Directions: Lines from the one containing "#182=EDGE_LOOP('',(#181));" through the final line of the records are the only ones to copy, and each must match exactly.

[Records from a collection]
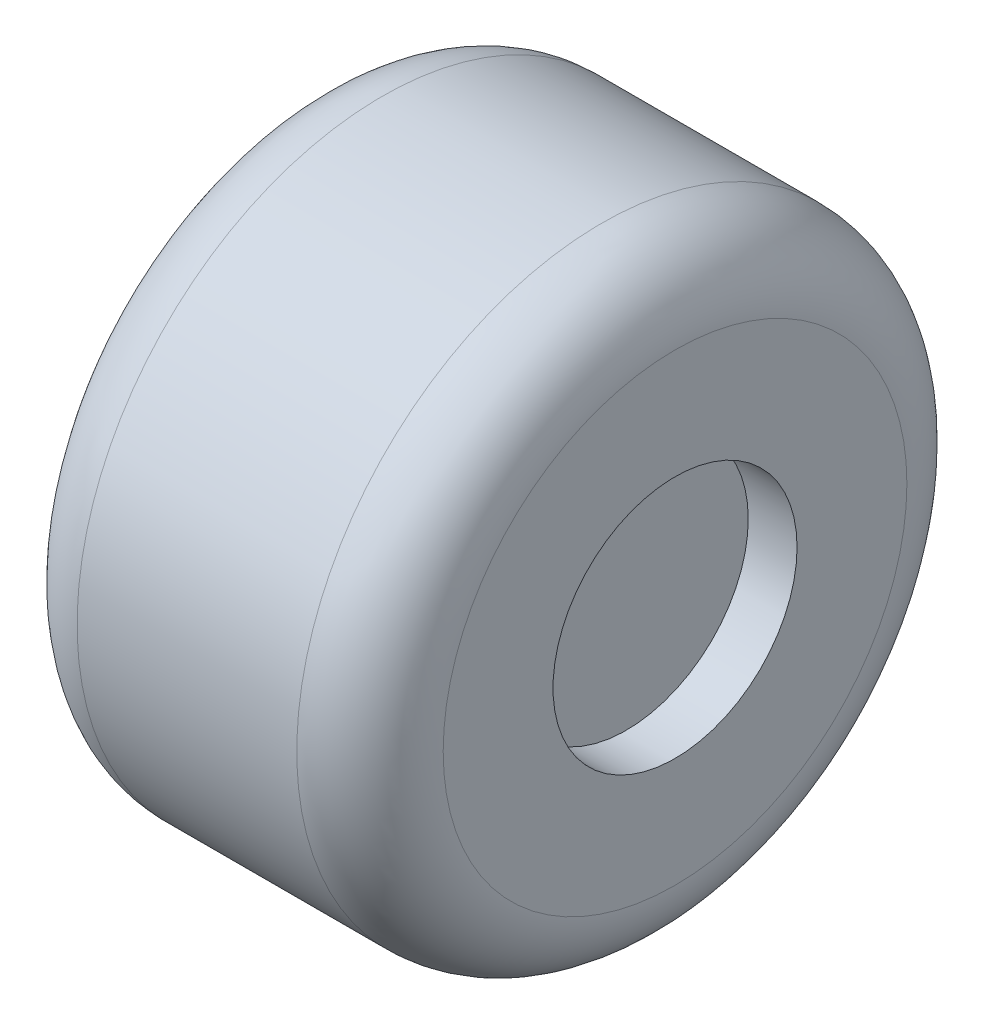
ISO-10303-21;
HEADER;
FILE_DESCRIPTION(('STEP AP214'),'2;1');
FILE_NAME('part.step','',(''),(''),'','','');
FILE_SCHEMA(('AUTOMOTIVE_DESIGN { 1 0 10303 214 1 1 1 1 }'));
ENDSEC;
DATA;
#1=APPLICATION_CONTEXT('core data for automotive mechanical design processes');
#2=APPLICATION_PROTOCOL_DEFINITION('international standard','automotive_design',2000,#1);
#3=PRODUCT_CONTEXT('',#1,'mechanical');
#4=PRODUCT('Part','Part','',(#3));
#5=PRODUCT_RELATED_PRODUCT_CATEGORY('part','',(#4));
#6=PRODUCT_DEFINITION_FORMATION('','',#4);
#7=PRODUCT_DEFINITION_CONTEXT('part definition',#1,'design');
#8=PRODUCT_DEFINITION('design','',#6,#7);
#9=PRODUCT_DEFINITION_SHAPE('','',#8);
#10=(LENGTH_UNIT() NAMED_UNIT(*) SI_UNIT(.MILLI.,.METRE.));
#11=(NAMED_UNIT(*) PLANE_ANGLE_UNIT() SI_UNIT($,.RADIAN.));
#12=(NAMED_UNIT(*) SI_UNIT($,.STERADIAN.) SOLID_ANGLE_UNIT());
#13=UNCERTAINTY_MEASURE_WITH_UNIT(LENGTH_MEASURE(1.E-05),#10,'distance_accuracy_value','');
#14=(GEOMETRIC_REPRESENTATION_CONTEXT(3) GLOBAL_UNCERTAINTY_ASSIGNED_CONTEXT((#13)) GLOBAL_UNIT_ASSIGNED_CONTEXT((#10,
#11,#12)) REPRESENTATION_CONTEXT('',''));
#15=CARTESIAN_POINT('',(0.,0.,0.));
#16=DIRECTION('',(0.,0.,1.));
#17=DIRECTION('',(1.,0.,0.));
#18=AXIS2_PLACEMENT_3D('',#15,#16,#17);
#19=CARTESIAN_POINT('',(75.,0.,0.));
#20=DIRECTION('',(-1.,0.,0.));
#21=DIRECTION('',(0.,0.,1.));
#22=AXIS2_PLACEMENT_3D('',#19,#20,#21);
#23=CYLINDRICAL_SURFACE('',#22,125.);
#24=CARTESIAN_POINT('',(-45.,0.,0.));
#25=DIRECTION('',(1.,0.,0.));
#26=DIRECTION('',(0.,0.,-1.));
#27=AXIS2_PLACEMENT_3D('',#24,#25,#26);
#28=CIRCLE('',#27,125.);
#29=CARTESIAN_POINT('',(-45.,0.,-125.));
#30=VERTEX_POINT('',#29);
#31=EDGE_CURVE('E44',#30,#30,#28,.T.);
#32=ORIENTED_EDGE('',*,*,#31,.T.);
#33=EDGE_LOOP('',(#32));
#34=FACE_BOUND('',#33,.T.);
#35=CARTESIAN_POINT('',(45.,0.,0.));
#36=DIRECTION('',(1.,0.,0.));
#37=DIRECTION('',(0.,0.,-1.));
#38=AXIS2_PLACEMENT_3D('',#35,#36,#37);
#39=CIRCLE('',#38,125.);
#40=CARTESIAN_POINT('',(45.,0.,-125.));
#41=VERTEX_POINT('',#40);
#42=EDGE_CURVE('E48',#41,#41,#39,.F.);
#43=ORIENTED_EDGE('',*,*,#42,.T.);
#44=EDGE_LOOP('',(#43));
#45=FACE_BOUND('',#44,.T.);
#46=ADVANCED_FACE('F33',(#34,#45),#23,.T.);
#47=CARTESIAN_POINT('',(75.,0.,0.));
#48=DIRECTION('',(1.,0.,0.));
#49=DIRECTION('',(0.,0.,-1.));
#50=AXIS2_PLACEMENT_3D('',#47,#48,#49);
#51=PLANE('',#50);
#52=CARTESIAN_POINT('',(75.,0.,0.));
#53=DIRECTION('',(1.,0.,0.));
#54=DIRECTION('',(0.,0.,-1.));
#55=AXIS2_PLACEMENT_3D('',#52,#53,#54);
#56=CIRCLE('',#55,50.);
#57=CARTESIAN_POINT('',(75.,0.,-50.));
#58=VERTEX_POINT('',#57);
#59=EDGE_CURVE('E54',#58,#58,#56,.T.);
#60=ORIENTED_EDGE('',*,*,#59,.F.);
#61=EDGE_LOOP('',(#60));
#62=FACE_BOUND('',#61,.T.);
#63=CARTESIAN_POINT('',(75.,0.,0.));
#64=DIRECTION('',(1.,0.,0.));
#65=DIRECTION('',(0.,0.,-1.));
#66=AXIS2_PLACEMENT_3D('',#63,#64,#65);
#67=CIRCLE('',#66,95.);
#68=CARTESIAN_POINT('',(75.,0.,-95.));
#69=VERTEX_POINT('',#68);
#70=EDGE_CURVE('E10',#69,#69,#67,.T.);
#71=ORIENTED_EDGE('',*,*,#70,.T.);
#72=EDGE_LOOP('',(#71));
#73=FACE_BOUND('',#72,.T.);
#74=ADVANCED_FACE('F78',(#62,#73),#51,.T.);
#75=CARTESIAN_POINT('',(-75.,0.,0.));
#76=DIRECTION('',(1.,0.,0.));
#77=DIRECTION('',(0.,0.,-1.));
#78=AXIS2_PLACEMENT_3D('',#75,#76,#77);
#79=PLANE('',#78);
#80=CARTESIAN_POINT('',(-75.,0.,0.));
#81=DIRECTION('',(-1.,0.,0.));
#82=DIRECTION('',(0.,0.,1.));
#83=AXIS2_PLACEMENT_3D('',#80,#81,#82);
#84=CIRCLE('',#83,30.);
#85=CARTESIAN_POINT('',(-75.,0.,30.));
#86=VERTEX_POINT('',#85);
#87=EDGE_CURVE('E60',#86,#86,#84,.T.);
#88=ORIENTED_EDGE('',*,*,#87,.F.);
#89=EDGE_LOOP('',(#88));
#90=FACE_BOUND('',#89,.T.);
#91=CARTESIAN_POINT('',(-75.,0.,0.));
#92=DIRECTION('',(1.,0.,0.));
#93=DIRECTION('',(0.,0.,-1.));
#94=AXIS2_PLACEMENT_3D('',#91,#92,#93);
#95=CIRCLE('',#94,95.);
#96=CARTESIAN_POINT('',(-75.,0.,-95.));
#97=VERTEX_POINT('',#96);
#98=EDGE_CURVE('E40',#97,#97,#95,.F.);
#99=ORIENTED_EDGE('',*,*,#98,.T.);
#100=EDGE_LOOP('',(#99));
#101=FACE_BOUND('',#100,.T.);
#102=ADVANCED_FACE('F75',(#90,#101),#79,.F.);
#103=CARTESIAN_POINT('',(-45.,0.,0.));
#104=DIRECTION('',(1.,0.,0.));
#105=DIRECTION('',(0.,0.,-1.));
#106=AXIS2_PLACEMENT_3D('',#103,#104,#105);
#107=TOROIDAL_SURFACE('',#106,95.,30.);
#108=ORIENTED_EDGE('',*,*,#98,.F.);
#109=EDGE_LOOP('',(#108));
#110=FACE_BOUND('',#109,.T.);
#111=ORIENTED_EDGE('',*,*,#31,.F.);
#112=EDGE_LOOP('',(#111));
#113=FACE_BOUND('',#112,.T.);
#114=ADVANCED_FACE('F77',(#110,#113),#107,.T.);
#115=CARTESIAN_POINT('',(45.,0.,0.));
#116=DIRECTION('',(1.,0.,0.));
#117=DIRECTION('',(0.,0.,-1.));
#118=AXIS2_PLACEMENT_3D('',#115,#116,#117);
#119=TOROIDAL_SURFACE('',#118,95.,30.);
#120=ORIENTED_EDGE('',*,*,#42,.F.);
#121=EDGE_LOOP('',(#120));
#122=FACE_BOUND('',#121,.T.);
#123=ORIENTED_EDGE('',*,*,#70,.F.);
#124=EDGE_LOOP('',(#123));
#125=FACE_BOUND('',#124,.T.);
#126=ADVANCED_FACE('F35',(#122,#125),#119,.T.);
#127=CARTESIAN_POINT('',(55.,0.,0.));
#128=DIRECTION('',(1.,0.,0.));
#129=DIRECTION('',(0.,0.,-1.));
#130=AXIS2_PLACEMENT_3D('',#127,#128,#129);
#131=CYLINDRICAL_SURFACE('',#130,50.);
#132=CARTESIAN_POINT('',(55.,0.,0.));
#133=DIRECTION('',(1.,0.,0.));
#134=DIRECTION('',(0.,0.,-1.));
#135=AXIS2_PLACEMENT_3D('',#132,#133,#134);
#136=CIRCLE('',#135,50.);
#137=CARTESIAN_POINT('',(55.,0.,-50.));
#138=VERTEX_POINT('',#137);
#139=EDGE_CURVE('E53',#138,#138,#136,.T.);
#140=ORIENTED_EDGE('',*,*,#139,.F.);
#141=EDGE_LOOP('',(#140));
#142=FACE_BOUND('',#141,.T.);
#143=ORIENTED_EDGE('',*,*,#59,.T.);
#144=EDGE_LOOP('',(#143));
#145=FACE_BOUND('',#144,.T.);
#146=ADVANCED_FACE('F98',(#142,#145),#131,.F.);
#147=CARTESIAN_POINT('',(55.,0.,0.));
#148=DIRECTION('',(1.,0.,0.));
#149=DIRECTION('',(0.,0.,-1.));
#150=AXIS2_PLACEMENT_3D('',#147,#148,#149);
#151=PLANE('',#150);
#152=ORIENTED_EDGE('',*,*,#139,.T.);
#153=EDGE_LOOP('',(#152));
#154=FACE_BOUND('',#153,.T.);
#155=ADVANCED_FACE('F71',(#154),#151,.T.);
#156=CARTESIAN_POINT('',(-25.,0.,0.));
#157=DIRECTION('',(-1.,0.,0.));
#158=DIRECTION('',(0.,0.,1.));
#159=AXIS2_PLACEMENT_3D('',#156,#157,#158);
#160=CYLINDRICAL_SURFACE('',#159,30.);
#161=CARTESIAN_POINT('',(-25.,0.,0.));
#162=DIRECTION('',(-1.,0.,0.));
#163=DIRECTION('',(0.,0.,1.));
#164=AXIS2_PLACEMENT_3D('',#161,#162,#163);
#165=CIRCLE('',#164,30.);
#166=CARTESIAN_POINT('',(-25.,0.,30.));
#167=VERTEX_POINT('',#166);
#168=EDGE_CURVE('E57',#167,#167,#165,.T.);
#169=ORIENTED_EDGE('',*,*,#168,.F.);
#170=EDGE_LOOP('',(#169));
#171=FACE_BOUND('',#170,.T.);
#172=ORIENTED_EDGE('',*,*,#87,.T.);
#173=EDGE_LOOP('',(#172));
#174=FACE_BOUND('',#173,.T.);
#175=ADVANCED_FACE('F68',(#171,#174),#160,.F.);
#176=CARTESIAN_POINT('',(-25.,0.,0.));
#177=DIRECTION('',(-1.,0.,0.));
#178=DIRECTION('',(0.,0.,1.));
#179=AXIS2_PLACEMENT_3D('',#176,#177,#178);
#180=PLANE('',#179);
#181=ORIENTED_EDGE('',*,*,#168,.T.);
#182=EDGE_LOOP('',(#181));
#183=FACE_BOUND('',#182,.T.);
#184=ADVANCED_FACE('F66',(#183),#180,.T.);
#185=CLOSED_SHELL('',(#46,#74,#102,#114,#126,#146,#155,#175,#184));
#186=MANIFOLD_SOLID_BREP('B2',#185);
#187=ADVANCED_BREP_SHAPE_REPRESENTATION('',(#18,#186),#14);
#188=SHAPE_DEFINITION_REPRESENTATION(#9,#187);
ENDSEC;
END-ISO-10303-21;

Solution to this problem:
#182=EDGE_LOOP('',(#181));
#183=FACE_BOUND('',#182,.T.);
#184=ADVANCED_FACE('F66',(#183),#180,.T.);
#185=CLOSED_SHELL('',(#46,#74,#102,#114,#126,#146,#155,#175,#184));
#186=MANIFOLD_SOLID_BREP('B2',#185);
#187=ADVANCED_BREP_SHAPE_REPRESENTATION('',(#18,#186),#14);
#188=SHAPE_DEFINITION_REPRESENTATION(#9,#187);
ENDSEC;
END-ISO-10303-21;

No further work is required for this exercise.